Steckbrief: Umweltzerstörung und Klimakrise: Wirtschaft muss Teil der Lösung sein

Klima- und Naturschutz können nicht gelingen, solange nicht in den wirtschaftlichen Rahmenbedingungen die Wurzel der Umweltzerstörung gesehen wird. Welche Politikmaßnahmen es braucht, um eine Transformation im Sinne eines guten Lebens für alle einzuleiten, beleuchtet dieser Steckbrief. Fest steht, dass unsere Wirtschaft Teil der Lösung sein muss. 

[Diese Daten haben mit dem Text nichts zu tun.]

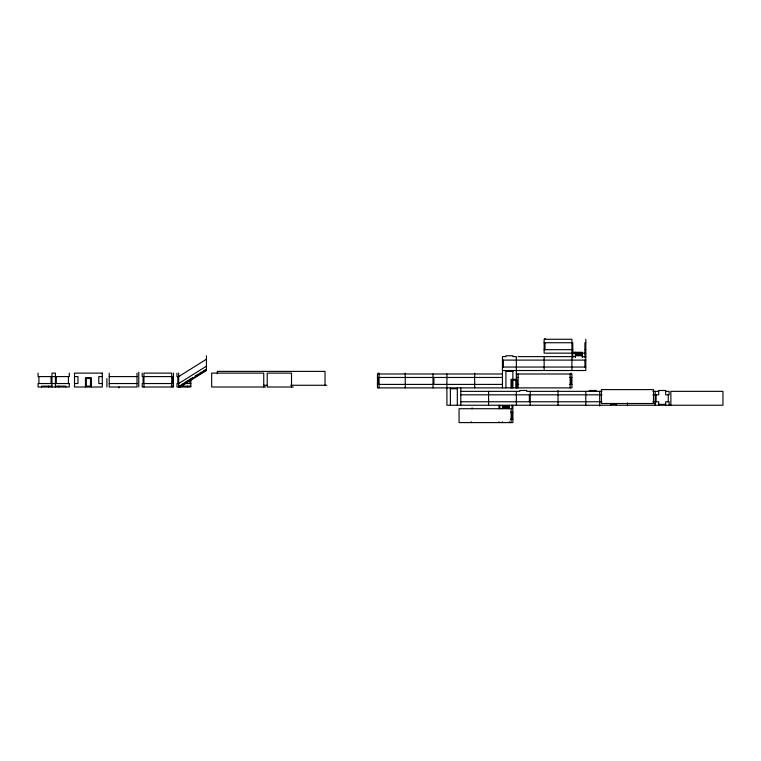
<?xml version="1.0" encoding="UTF-8"?>
<svg xmlns="http://www.w3.org/2000/svg" width="761" height="761" viewBox="0 0 761 761"><rect width="100%" height="100%" fill="white"/><g stroke="black" fill="none" stroke-linecap="round" stroke-linejoin="round"><path stroke-width="1.14" d="M178.673 376.59L206.45 359.23M178.673 383.534L206.45 366.174M206.45 355.758L206.45 370.521L180.062 387.007L180.062 385.275M544.134 342.735L572.776 342.735L572.776 357.784M585.799 342.735L584.924 342.735L584.924 357.784M544.134 349.68L572.776 349.68M584.924 349.68L585.799 349.68M573.062 352.286L582.327 352.286L582.327 357.499M585.799 353.152L544.134 353.152L544.134 339.263L571.911 339.263L571.911 370.521M575.383 354.027L582.327 354.027M575.383 354.892L582.327 354.892M575.383 355.758L582.327 355.758M518.089 356.624L575.383 356.624M582.327 356.624L585.799 356.624M502.46 360.105L585.799 360.105M502.46 367.049L585.799 367.049M205.061 369.646L206.45 369.646L178.673 387.007L178.673 373.118M206.45 370.521L203.672 370.521L203.672 371.387M502.46 370.521L585.799 370.521L585.799 339.263M505.932 371.387L512.876 371.387M502.46 373.993L377.466 373.993L377.466 387.882L571.911 387.882L571.911 373.993L516.348 373.993M74.511 376.59L77.983 376.59L77.983 383.534L74.511 383.534M102.288 376.59L98.816 376.59L98.816 383.534L102.288 383.534M109.232 376.59L137.009 376.59M143.953 376.59L171.729 376.59M173.47 376.59L172.595 376.59L172.595 383.534L173.47 383.534M179.254 376.59L176.942 376.59L176.942 373.118M377.466 377.466L502.46 377.466M516.348 377.466L518.669 377.466M569.589 377.466L571.911 377.466M184.229 382.669L185.617 382.669L185.617 381.803L187.006 381.803L187.006 380.938L188.395 380.938L188.395 380.062M109.232 383.534L137.009 383.534M143.953 383.534L171.729 383.534M179.254 383.534L176.942 383.534L176.942 387.007L190.83 387.007L190.83 378.911M184.229 383.534L182.84 383.534L182.84 384.41M184.913 383.534L190.83 383.534M377.466 384.41L502.46 384.41M516.348 384.41L518.669 384.41M569.589 384.41L571.911 384.41M263.506 385.275L267.054 385.275M290.712 385.275L326.754 385.275M51.938 386.141L41.522 386.141L41.522 387.007M55.41 386.141L65.827 386.141L65.827 387.007M85.451 386.141L91.349 386.141M171.149 386.141L173.47 386.141M178.673 386.141L180.062 386.141M190.83 386.141L180.414 386.141L180.414 387.007M265.484 387.007L211.663 387.007L211.663 373.118L263.744 373.118L263.744 387.007M293.261 387.007L267.216 387.007L267.216 373.118L291.52 373.118L291.52 387.007M450.379 388.747L457.323 388.747M460.795 391.354L519.82 391.354L519.82 390.479L526.764 390.479L526.764 391.354L601.999 391.354M652.928 391.354L658.712 391.354M665.656 391.354L669.128 391.354L669.128 394.826L665.656 394.826L665.656 390.479L658.712 390.479L658.712 394.826L652.928 394.826M460.795 394.826L601.999 394.826M460.795 401.77L601.999 401.77M652.928 401.77L658.712 401.77L658.712 405.242M655.24 403.501L601.418 403.501L601.418 389.613L653.509 389.613L653.509 403.501M658.712 404.376L665.656 404.376M502.46 406.108L509.404 406.108M502.46 406.973L509.404 406.973M502.46 407.848L509.404 407.848M510.564 412.186L512.876 412.186M510.564 419.13L512.876 419.13M670.869 405.242L670.869 391.354L722.95 391.354L722.95 405.242L446.907 405.242L446.907 373.993M669.128 405.242L669.128 401.77L665.656 401.77L665.656 405.242M668.263 394.826L668.263 401.77M656.106 394.826L656.106 401.77M655.24 391.354L655.24 405.242M627.464 402.921L627.464 405.242M616.524 405.242L616.524 404.376L610.626 404.376L610.626 405.242M599.687 391.354L599.687 406.108M596.215 391.354L596.215 390.479L589.271 390.479L589.271 391.354M585.799 391.354L585.799 405.242M584.924 360.105L584.924 367.049M575.383 352.286L575.383 357.499M571.035 373.118L571.035 373.993M571.035 377.466L571.035 384.41M570.17 373.993L570.17 387.882M558.022 390.479L558.022 405.242M545 338.398L545 339.263M545 342.735L545 349.68M544.134 356.624L544.134 370.521M530.236 391.354L530.236 405.242M529.371 394.826L529.371 401.77M518.089 373.993L518.089 387.882M516.928 387.882L516.928 379.368L511.031 379.368L511.031 387.882M516.348 387.882L516.348 356.624L512.876 356.624L512.876 355.758L505.932 355.758L505.932 356.624L502.46 356.624L502.46 387.882M516.348 391.354L516.348 405.242M516.063 387.882L516.063 380.243L511.896 380.243L511.896 387.882M512.876 370.521L512.876 387.882M512.876 405.242L512.876 422.602L459.064 422.602L459.064 408.714L511.145 408.714L511.145 422.602M512.01 405.242L512.01 408.714M512.01 412.186L512.01 419.13M509.404 405.242L509.404 408.714M509.404 421.737L509.404 422.602M505.932 370.521L505.932 387.882M503.335 360.105L503.335 367.049M502.46 405.242L502.46 408.714M502.46 421.737L502.46 422.602M499.863 405.242L499.863 408.714M498.988 405.242L498.988 408.714M498.988 421.737L498.988 422.602M488.572 391.354L488.572 405.242M474.683 373.118L474.683 387.882M472.077 407.848L472.077 408.714M471.211 421.737L471.211 422.602M460.795 387.882L460.795 405.242M457.323 387.882L457.323 405.242M450.379 387.882L450.379 405.242M433.884 377.466L433.884 384.41M433.019 373.993L433.019 387.882M405.242 373.118L405.242 387.882M379.083 373.118L379.083 387.882M378.331 373.118L378.331 373.993M378.331 377.466L378.331 384.41M325.014 385.275L325.014 371.387L217.37 371.387L217.37 373.699M202.283 371.387L202.283 372.253M200.894 372.253L200.894 373.118M199.506 373.118L199.506 373.993M198.117 373.993L198.117 374.859L196.728 374.859L196.728 375.725L195.339 375.725L195.339 376.59M192.562 377.466L192.562 378.331L191.173 378.331L191.173 379.197M189.965 380.062L189.965 383.534M189.784 379.197L189.784 380.062M187.358 386.141L187.358 387.007M181.451 384.41L181.451 385.275M177.808 376.59L177.808 383.534M173.47 373.118L173.47 387.007L142.221 387.007L142.221 383.534L143.087 383.534L143.087 376.59L142.221 376.59L142.221 373.118M171.729 387.007L171.729 373.118L143.953 373.118L143.953 387.007M138.749 372.253L138.749 387.007M137.009 373.118L137.009 387.007L109.232 387.007L109.232 373.118M118.906 387.007L118.906 387.882M106.901 378.502L106.901 387.007M91.349 387.007L91.349 377.637L85.451 377.637L85.451 387.007M90.483 386.141L90.483 378.502L86.316 378.502L86.316 386.141M69.299 373.118L69.299 376.59L38.05 376.59L38.05 373.118M68.433 376.59L68.433 383.534M58.882 386.141L58.882 387.007M56.276 376.59L56.276 383.534M55.41 387.007L55.41 373.118L51.938 373.118L51.938 387.007M51.073 376.59L51.073 383.534M48.466 386.141L48.466 387.007M38.916 376.59L38.916 383.534M102.288 373.118L74.511 373.118L74.511 387.007L102.288 387.007L102.288 373.118M69.299 383.534L38.05 383.534L38.05 387.007L69.299 387.007L69.299 383.534"/></g></svg>

Der Steckbrief entkräftet zunächst den Mythos des grünen Wirtschaftswachstums. Eine tatsächlich wirkungsvolle Entkopplung hat weder in der Vergangenheit je stattgefunden, noch ist diese in der Zukunft zu erwarten. Deutlich wird auch, dass Effizienzsteigerung nur als Teil einer übergeordneten Suffizienz-Strategie den Ressourcenverbrauch senken kann. Suffizienz steht für ein Begrenzen und Reduzieren des Material- und Energieverbrauchs.

Der Steckbrief setzt sich außerdem mit der Gemeinsamen Agrarpolitik (GAP) der EU sowie mit dem Europäischen Grünen Deal der EU-Kommission kritisch auseinander. Neben der im Raum stehenden One-in-one-out-Regel und einem engen Fokus auf Digitalisierung liegt der wohl problematischste Ansatz des Grünen Deals darin, dass die notwendigen Investitionen in eine sozial-ökologische Transformation in ihrer Abhängigkeit vom Wirtschaftswachstum verbleiben.

Der Steckbrief zieht das Fazit, dass es einen aktiven Staat braucht, der gezielt in die Wirtschaft eingreift, um eine sozial-ökologische Transformation einzuleiten.
 
Es ist höchste Zeit, Beschäftigung, Stabilität und Frieden innerhalb der EU aus der Abhängigkeit
von unendlichem Wirtschaftswachstum zu lösen. Die neue EU-Kommission unter Ursula von der
Leyen steht vor der großen Herausforderung und einzigartigen Chance, die Weichen zu stellen
für ein sozial gerechtes Europa innerhalb der planetaren Grenzen. [rk/aw]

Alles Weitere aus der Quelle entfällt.